When Holocaust history gets distorted or dismissed: 7-11-19
When alternative spiritual paths beckon: 7-13/14-19

After the Charleston massacre, a story of hope: 7-12-19

One of the most appalling outbreaks of violence rooted in white supremacy in modern history was the 2015 murder of nine black people praying at the end of a Bible study at Mother Emanuel African Methodist Episcopal Church in Charleston, S.C.

For-such-a-timeThe unrepentant 21-year-old killer was found guilty and sentenced to death. Which, of course, comes nowhere close to ending the story. In any such disaster, the story continues in the lives of survivors and of families who members were killed. It's one of those continuing stories that we get in an important new book, For Such a Time as This: Hope and Forgiveness after the Charleston Massacre, by the Rev. Sharon Risher with Sherri Wood Emmons.

Risher's mother, Ethel Lee Lance, and two cousins, Susie Jackson, 87, and Tywanza Sanders, 26, were among those murdered. The path from the shock of the killing to an eventual commitment to work for sensible gun legislation and against white racist ideology has been mined with one trauma after another for Risher, and she spares the readers none of it. This is a book full of raw emotion and pleas for racial harmony and political activism to counteract the spiteful ideology that motivated the shooter.

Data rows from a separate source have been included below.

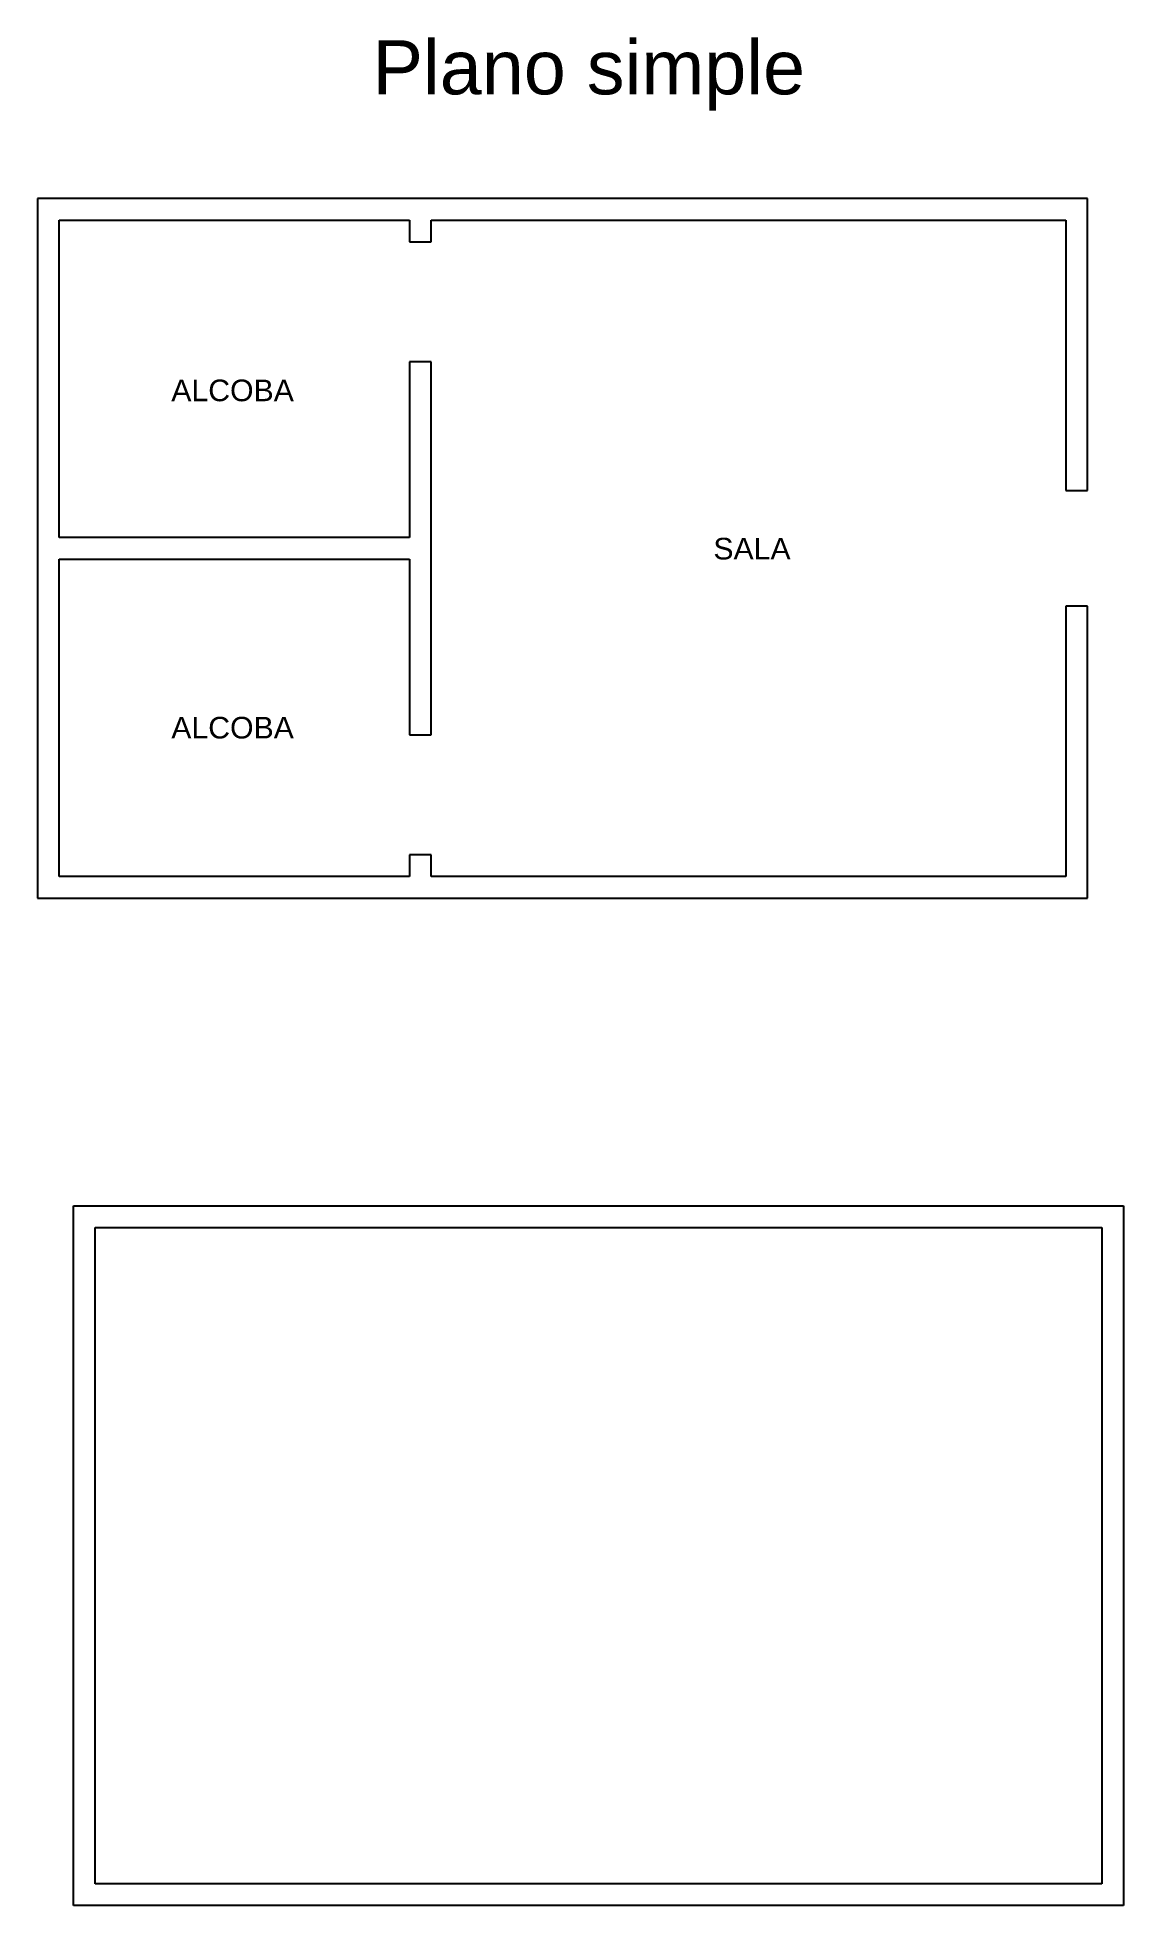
# Model space of a CAD drawing. Header units: millimetres. Extents: x 1017.8 to 1027.9, y 2173.3 to 2190.5.
import ezdxf

# ---------------------------------------------------------------- set-up
doc = ezdxf.new("R2010")
doc.units = ezdxf.units.MM
doc.styles.get("Standard").update_dxf_attribs({"font": 'arial.ttf'})

msp = doc.modelspace()

# ---------------------------------------------------------------- linework, layer by layer
for p, q in [((1017.842, 2189.036), (1017.842, 2182.566)), ((1027.552, 2189.036), (1017.842, 2189.036)), ((1027.552, 2186.336), (1027.552, 2189.036)), ((1018.042, 2185.901), (1018.042, 2188.836)), ((1018.042, 2188.836), (1021.282, 2188.836)), ((1021.282, 2188.836), (1021.282, 2188.636)), ((1021.482, 2188.636), (1021.482, 2188.836)), ((1021.482, 2188.836), (1027.352, 2188.836)), ((1027.352, 2188.836), (1027.352, 2186.336)), ((1021.282, 2188.636), (1021.482, 2188.636)), ((1021.482, 2187.526), (1021.282, 2187.526)), ((1021.282, 2187.526), (1021.282, 2185.901)), ((1021.482, 2184.076), (1021.482, 2187.526)), ((1027.352, 2186.336), (1027.552, 2186.336)), ((1021.282, 2185.901), (1018.042, 2185.901)), ((1018.042, 2182.766), (1018.042, 2185.701)), ((1018.042, 2185.701), (1021.282, 2185.701)), ((1021.282, 2185.701), (1021.282, 2184.076)), ((1027.552, 2185.266), (1027.352, 2185.266)), ((1027.352, 2185.266), (1027.352, 2182.766)), ((1027.552, 2182.566), (1027.552, 2185.266)), ((1021.282, 2184.076), (1021.482, 2184.076)), ((1021.482, 2182.966), (1021.282, 2182.966)), ((1021.282, 2182.966), (1021.282, 2182.766)), ((1021.482, 2182.766), (1021.482, 2182.966)), ((1021.282, 2182.766), (1018.042, 2182.766)), ((1027.352, 2182.766), (1021.482, 2182.766)), ((1017.842, 2182.566), (1027.552, 2182.566)), ((1018.175, 2179.723), (1027.885, 2179.723)), ((1018.175, 2173.253), (1018.175, 2179.723)), ((1027.885, 2179.723), (1027.885, 2173.253)), ((1018.375, 2179.523), (1027.685, 2179.523)), ((1018.375, 2173.453), (1018.375, 2179.523)), ((1027.685, 2179.523), (1027.685, 2173.453)), ((1027.685, 2173.453), (1018.375, 2173.453)), ((1027.885, 2173.253), (1018.175, 2173.253))]:
    msp.add_line(p, q)

# ---------------------------------------------------------------- texts
at = {"attachment_point": 1}
for s, width, heights, insert, char_height in [('\\pxqc;Plano simple', 4.09715, [0], (1020.892, 2190.498), 0.5), ('ALCOBA', 2.28585, [0], (1019.08, 2187.361), 0.2), ('SALA', 2.28585, [0.207], (1024.092, 2185.898), 0.2), ('ALCOBA', 2.28585, [0], (1019.08, 2184.243), 0.2)]:
    msp.add_mtext_dynamic_manual_height_columns(s, width=width, gutter_width=12.5, heights=heights, dxfattribs=dict(at, insert=insert, char_height=char_height))

doc.saveas('drawing.dxf')
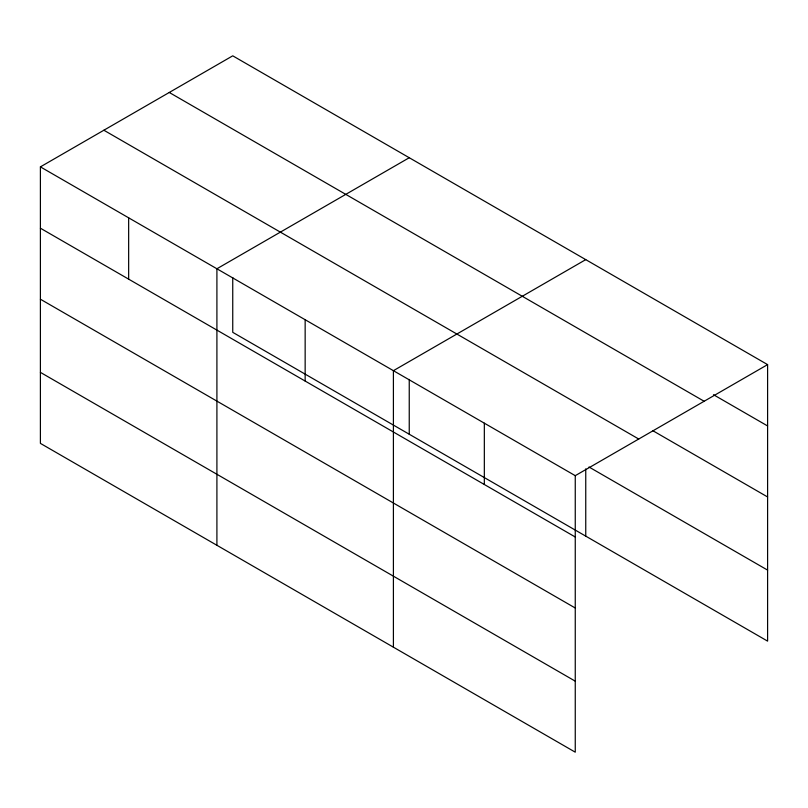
<?xml version="1.0" encoding="UTF-8"?>
<svg xmlns="http://www.w3.org/2000/svg" width="808" height="808" viewBox="0 0 808 808"><rect width="100%" height="100%" fill="white"/><g stroke="black" fill="none" stroke-linecap="round" stroke-linejoin="round"><path stroke-width="1.21" d="M575.256 608.01L575.256 475.67L40.4 166.872L40.4 443.38L575.256 752.177L575.256 608.01L40.4 299.212M232.744 277.518L232.744 332.33L767.6 641.128L767.6 364.62L232.744 55.823L40.4 166.872M409.242 157.732L216.908 268.771L216.908 545.279M585.75 259.631L393.405 370.68L393.405 647.188M575.256 475.67L767.6 364.62M713.474 394.698L767.6 425.947M169.266 92.465L704.132 401.263M652.864 430.714L767.6 496.96M103.868 130.229L638.734 439.027M588.992 467.004L767.6 570.115M40.4 228.199L575.256 536.997M40.4 372.367L575.256 681.164M585.75 468.862L585.75 536.138M484.335 423.17L484.335 484.497M409.242 379.417L409.242 434.229M305.151 319.726L305.151 381.053M128.654 217.827L128.654 279.154"/></g></svg>

The story is at time repetitive and could have used some additional careful editing, but in some ways those shortcomings accurately reflect the storm that Risher survived to write about. It's also a monument in words to honor those whose lives were taken away merely because Dylann Roof decided that his job was to kill as many African-Americans as possible to save white culture.

As we read about how Risher and her family worked their way through catastrophe, she acknowledges that it hasn't been easy and that there have been many internal family disagreements.

"I really do hate to put all of our business out there like this," she writes. ". . .But I want people to know, to really understand, that just because you have gone through all of this mess, it doesn't mean you can't come out on the other side. You can."

As a young woman, Risher always felt the love and support of her mother, who died a few months before her 71st birthday. But it took Risher time to find her own path. Eventually she graduated from Austin Presbyterian Theological Seminary, though she was ordained by another Protestant denomination and became a hospital chaplain, a job she was doing in Texas when the Charleston massacre occurred.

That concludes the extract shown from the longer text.